Ring polymer molecular dynamics (RPMD)

Ring polymer molecular dynamics is a quantum dynamics methods that attempts to approximate Kubo-transformed real-time correlation functions ([15]).

The idea is to exploit the classical isomorphism that maps a quantum particle onto the extended phasespace of a classical ring polymer. It can be shown that the quantum partition function for a system can be manipulated such that it resembles the classical partition function of a system containing many replicas of the original particle joined to together with harmonic springs in a ring. In the limit of infinite beads or replicas in the ring polymer, the isomorphism becomes exact and it is possible to evaluate quantum expectation values by evaluating ensemble averages for the classical ring polymer system. This is referred to as the field of imaginary-time path integrals and the techniques used are Path Integral Monte Carlo (PIMC) and Path Integral Molecular Dynamics (PIMD) depending on whether molecular dynamics or Monte Carlo methods are used to explore the phasespace ([16]).

RPMD was proposed as a heuristic extension of imaginary-time path integrals to evaluate real-time dynamical quantities. To perform RPMD, it is necessary to solve Hamilton's equations for the ring polymer Hamiltonian:

\[H = \sum_\alpha^N \frac{1}{2} \mathbf{P}_\alpha^T \mathbf{M} \mathbf{P}_\alpha + \frac{1}{2} \omega_N^2 (\mathbf{R}_\alpha - \mathbf{R}_{\alpha+1})^T \mathbf{M} (\mathbf{R}_\alpha - \mathbf{R}_{\alpha+1}) + V(\mathbf{R}_\alpha)\]

where the ring polymer spring constant $\omega_N = 1 / \hbar\beta_N$ and $\beta_N = \beta / N$.

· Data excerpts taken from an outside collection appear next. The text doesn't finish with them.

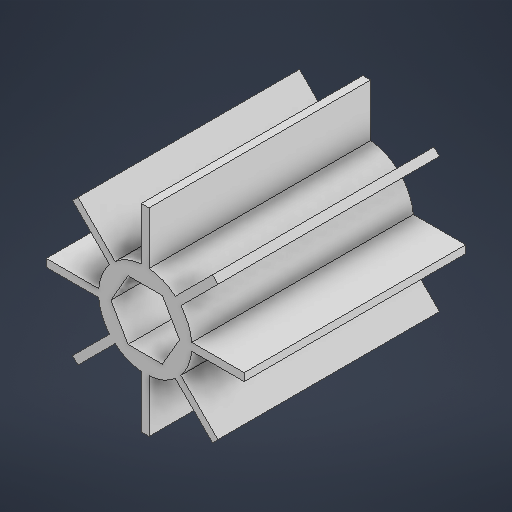
# Autodesk Inventor part: Spiral
Saved by Autodesk Inventor 2026 (Build 300175050, 175E)
## iProperties
Created: 2025-11-03
Part Number: Spiral
Material: Generic
Document SubType Name: Modeling
Designer: randy
Density: 1 g/cm^3
Appearance: Default
Author: randy
Autodesk Inventor part; units mm, degrees
ref_plane "YZ Plane" through (0, 0, 0) normal (1, 0, 0) x (0, 1, 0)
ref_plane "XZ Plane" through (0, 0, 0) normal (0, 1, 0) x (-1, 0, 0)
ref_plane "XY Plane" through (0, 0, 0) normal (0, 0, 1) x (1, 0, 0)
sketch "Sketch1" plane through (0, 0, 0) normal (0, 0, 1) x (1, 0, 0)
  circle A0 centre (0, 0) radius 10.16
  circle A1 centre (0, 0) radius 8.5725
  line L0 (0.8382, 10.1254) -> (0.8382, 21.5554)
  line L1 (0.8382, 21.5554) -> (-0.8382, 21.5554)
  line L2 (-0.8382, 21.5554) -> (-0.8382, 10.1254)
  line L3 (-15.8346, 14.6492) -> (-7.7524, 6.567)
  line L4 (-14.6492, 15.8346) -> (-15.8346, 14.6492)
  line L5 (-6.567, 7.7524) -> (-14.6492, 15.8346)
  line L6 (-21.5554, -0.8382) -> (-10.1254, -0.8382)
  line L7 (-21.5554, 0.8382) -> (-21.5554, -0.8382)
  line L8 (-10.1254, 0.8382) -> (-21.5554, 0.8382)
  line L9 (-14.6492, -15.8346) -> (-6.567, -7.7524)
  line L10 (-15.8346, -14.6492) -> (-14.6492, -15.8346)
  line L11 (-7.7524, -6.567) -> (-15.8346, -14.6492)
  line L12 (0.8382, -21.5554) -> (0.8382, -10.1254)
  line L13 (-0.8382, -21.5554) -> (0.8382, -21.5554)
  line L14 (-0.8382, -10.1254) -> (-0.8382, -21.5554)
  line L15 (15.8346, -14.6492) -> (7.7524, -6.567)
  line L16 (14.6492, -15.8346) -> (15.8346, -14.6492)
  line L17 (6.567, -7.7524) -> (14.6492, -15.8346)
  line L18 (21.5554, 0.8382) -> (10.1254, 0.8382)
  line L19 (21.5554, -0.8382) -> (21.5554, 0.8382)
  line L20 (10.1254, -0.8382) -> (21.5554, -0.8382)
  line L21 (14.6492, 15.8346) -> (6.567, 7.7524)
  line L22 (15.8346, 14.6492) -> (14.6492, 15.8346)
  line L23 (7.7524, 6.567) -> (15.8346, 14.6492)
  line L24 (-7.479, 0) -> (-3.7395, 6.477)
  line L25 (-3.7395, 6.477) -> (3.7395, 6.477)
  line L26 (3.7395, 6.477) -> (7.479, 0)
  line L27 (7.479, 0) -> (3.7395, -6.477)
  line L28 (3.7395, -6.477) -> (-3.7395, -6.477)
  line L29 (-3.7395, -6.477) -> (-7.479, 0)
  point P0 (0, 21.5554)
  point P1 (-15.2419, 15.2419)
  point P2 (-21.5554, 0)
  point P3 (-15.2419, -15.2419)
  point P4 (0, -21.5554)
  point P5 (15.2419, -15.2419)
  point P6 (21.5554, 0)
  point P7 (15.2419, 15.2419)
  point P8 (-10.1254, -0.8382)
  point P9 (-10.1254, 0.8382)
  point P10 (-6.567, -7.7524)
  point P11 (-7.7524, -6.567)
  point P12 (0.8382, -10.1254)
  point P13 (-0.8382, -10.1254)
  point P14 (7.7524, -6.567)
  point P15 (6.567, -7.7524)
  point P16 (10.1254, 0.8382)
  point P17 (10.1254, -0.8382)
  point P18 (6.567, 7.7524)
  point P19 (7.7524, 6.567)
  point P20 (-7.7524, 6.567)
  point P21 (-6.567, 7.7524)
  dimension "d0" = 20.32
  dimension "d1" = 1.5875
  dimension "d7" = 1.6764
  dimension "d11" = 360
  dimension "d13" = 11.43
  dimension "d17" = 12.954
  constraints: 60 end point, 2 centre point, 2 coincident, 2 parallel, 2 point on circle, 1 horizontal, 1 midpoint, 1 perpendicular, 1 vertical alignment, 78 other
  measures "d0" diameter of A0
  measures "d1" radial gap between concentric circles of A0 A1
  measures "d7" distance between parallel lines of L2 L0
  measures "d13" distance of L0.start L0.end
  measures "d17" distance between parallel lines of L28 L25
extrude "Extrusion1" add sketch "Sketch1" along normal mid plane 48.26 contours A0 | A0 L18 L19 L20 | A0 L21 L22 L23 | L15 L16 L17 A0 | A0 L2 L1 L0 | L12 L13 L14 A0 | A0 L3 L4 L5 | L9 L10 L11 A0 | A0 L6 L7 L8 | A1
body "Solid1"

When the initial distribution is taken as the thermal ring polymer distribution and this Hamiltonian is used to generate configurations at later times, the correlation functions obtained can be used to approximate real-time quantum correlation functions.

Example

Let us perform some simple adiabatic ring polymer dynamics to get a feel for what the ring polymer dynamics looks like. We set up a 2D system for one hydrogen atom by giving the Free model 2 degrees of freedom and specify that the ring polymer should have 50 beads.

using NQCDynamics
using Unitful

atoms = Atoms([:H])
sim = RingPolymerSimulation(atoms, Free(2), 50; temperature=100u"K")

RingPolymerSimulation{Classical}:

  Atoms{Float64}([:H], [1], [1837.4715941070515])

  Free(2)
  with 50 beads.

We initialise the simulation with zero velocity and a random distribution for the ring polymer bead positions. For a real RPMD simulation you will use the thermal ring polymer distribution obtained from a PIMC or Langevin simulation but here for simplicity we use a normally distributed configuration.

u = DynamicsVariables(sim, zeros(size(sim)), randn(size(sim)))

Now we can run the simulation, for which we use the time interval 0.0 to 500.0 and a time step of dt = 2.5:

dt = 2.5
traj = run_dynamics(sim, (0.0, 500.0), u; output=OutputPosition, dt=dt)

[ Info: Performing 1 trajectory.
[ Info: Finished after 8.93114105 seconds.

We can visualise this ring polymer trajectory with a 2D scatter plot that shows how the ring polymer evolves in time. Here, we have joined the adjacent beads together with lines, with the end and start beads joined with a different color. This animation shows the cyclic nature of the ring polymer, and how every bead is connected to its two neighbours.

using Plots

rs = traj[:OutputPosition]

timestamps = 1:length(traj[:OutputPosition])
@gif for i in timestamps
    xs = rs[i][1,1,:]
    ys = rs[i][2,1,:]
    close_loop_x = [rs[i][1,1,end], rs[i][1,1,begin]]
    close_loop_y = [rs[i][2,1,end], rs[i][2,1,begin]]

    plot(
        xlims=(-3, 3),
        ylims=(-3, 3),
        legend=false
    )

    plot!(xs, ys, color=:black)
    scatter!(xs, ys)
    plot!(close_loop_x, close_loop_y)
end

Since this package is focused on nonadiabatic dynamics, you won't see much adiabatic RPMD elsewhere in the documentation, but it's useful to understand how the original adiabatic version works before moving on to the nonadiabatic extensions.